"Relax. You've spent so many hours in the pool training for this. Relax and breathe."
This was the monkey chatter in my head as I placed my face in the water for a quick lake swim on Saturday. Each workout has a purpose and my purpose for this day was to squelch my fear of getting back into the open water.
You see, my last open water swim took place in the mountains of Maryland at Deep Creek Lake during the Savage Man Triathlon in September 2010. The water was cold and I was so unprepared for the shock it would have on my body. When my face hit the water, my body wouldn't exhale my breath and I spent the entire 0.9 mile on my back. I periodically tried to flip over and put my face back in the water, but the result was the same. I was so disappointed .... told myself afterwards that I would NOT compete in another triathlon.
Yet, here I am, two years later, training for the longest endurance event of my life.
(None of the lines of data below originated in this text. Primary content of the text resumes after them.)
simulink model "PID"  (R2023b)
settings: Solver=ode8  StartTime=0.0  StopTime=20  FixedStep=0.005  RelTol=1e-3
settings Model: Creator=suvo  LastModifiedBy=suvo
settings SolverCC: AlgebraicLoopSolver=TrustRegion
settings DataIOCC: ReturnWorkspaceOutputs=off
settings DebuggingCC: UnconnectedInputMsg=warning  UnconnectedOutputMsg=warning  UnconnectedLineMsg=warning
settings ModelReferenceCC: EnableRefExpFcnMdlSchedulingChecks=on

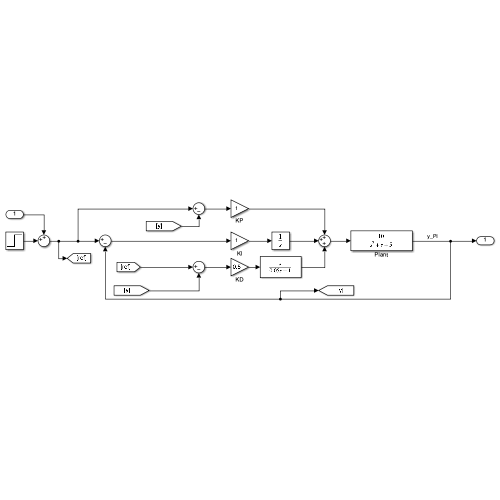
[thumbnail: Simulink's stored preview of the top-level diagram]
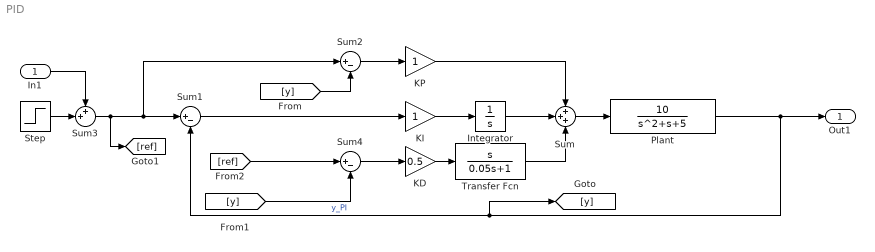
== system PID ==
  In1 : Inport
  Integrator : Integrator
  KD : Gain  Gain=0.5
  KI : Gain
  KP : Gain
  Plant : TransferFcn  Numerator=10  Denominator=[1 1 5]
  Step : Step  SampleTime=0
  Sum : Sum  Inputs=+++
  Sum1 : Sum  Inputs=|+-
  Sum2 : Sum  Inputs=|+-
  Sum3 : Sum  Inputs=++|
  Sum4 : Sum  Inputs=|+-
  Transfer Fcn : TransferFcn  Numerator=[1 0]  Denominator=[0.05 1]
  Out1 : Outport
  wires:
  KI/1 -> Integrator/1
  Sum1/1 -> KI/1
  Plant/1 -> [y], Sum1/2, Out1/1  "y_PI"
  Sum2/1 -> KP/1
  KP/1 -> Sum/1
  Integrator/1 -> Sum/2
  Sum/1 -> Plant/1
  In1/1 -> Sum3/1
  Step/1 -> Sum3/2
  [y] -> Sum2/2
  KD/1 -> Transfer Fcn/1
  Transfer Fcn/1 -> Sum/3
  Sum4/1 -> KD/1
  [y] -> Sum4/2
  [ref] -> Sum4/1
  Sum3/1 -> Sum2/1, Sum1/1, [ref]

I consider the swim my weakest discipline and in order to complete the first portion of the Kansas Half Ironman, I must stroke for 1.2 miles in the open water with no lane lines to keep me on track and no place to land my feet when I grow tired.
Saturday's sky was overcast and there was a breeze heavy enough to make the water a little choppy. Both were distractions that could derail me if I let the voices in my head take control. Not only have I been training my body for the last five months, I have also been training my mind to remain calm when I start to feel as if events are veering from the norm.
Only a few hundred yards for the day, but I stepped out of the water with a smile. Task accomplished.
Three days later I was back in a lake for another open water swim. Clear skies, no wind, taking place at the lake I will be racing this Sunday ... and 100 other triathletes. My purpose this time was to swim. Swim around the bouys. Swim and stay on course. Just swim.
I wouldn't consider Tuesday night's swim one of my best open water swims, but I was relaxed. I remained calm even as I swam into other swimmers, swam off course, and lost sight of land through my fogged goggles.
Yes, I am thrilled to announce the waiting is finally over. I am exhaling.
I am so proud of you, Heather. You are my hero! Please know I'll be sending ALL my good ju-ju your way tomorrow!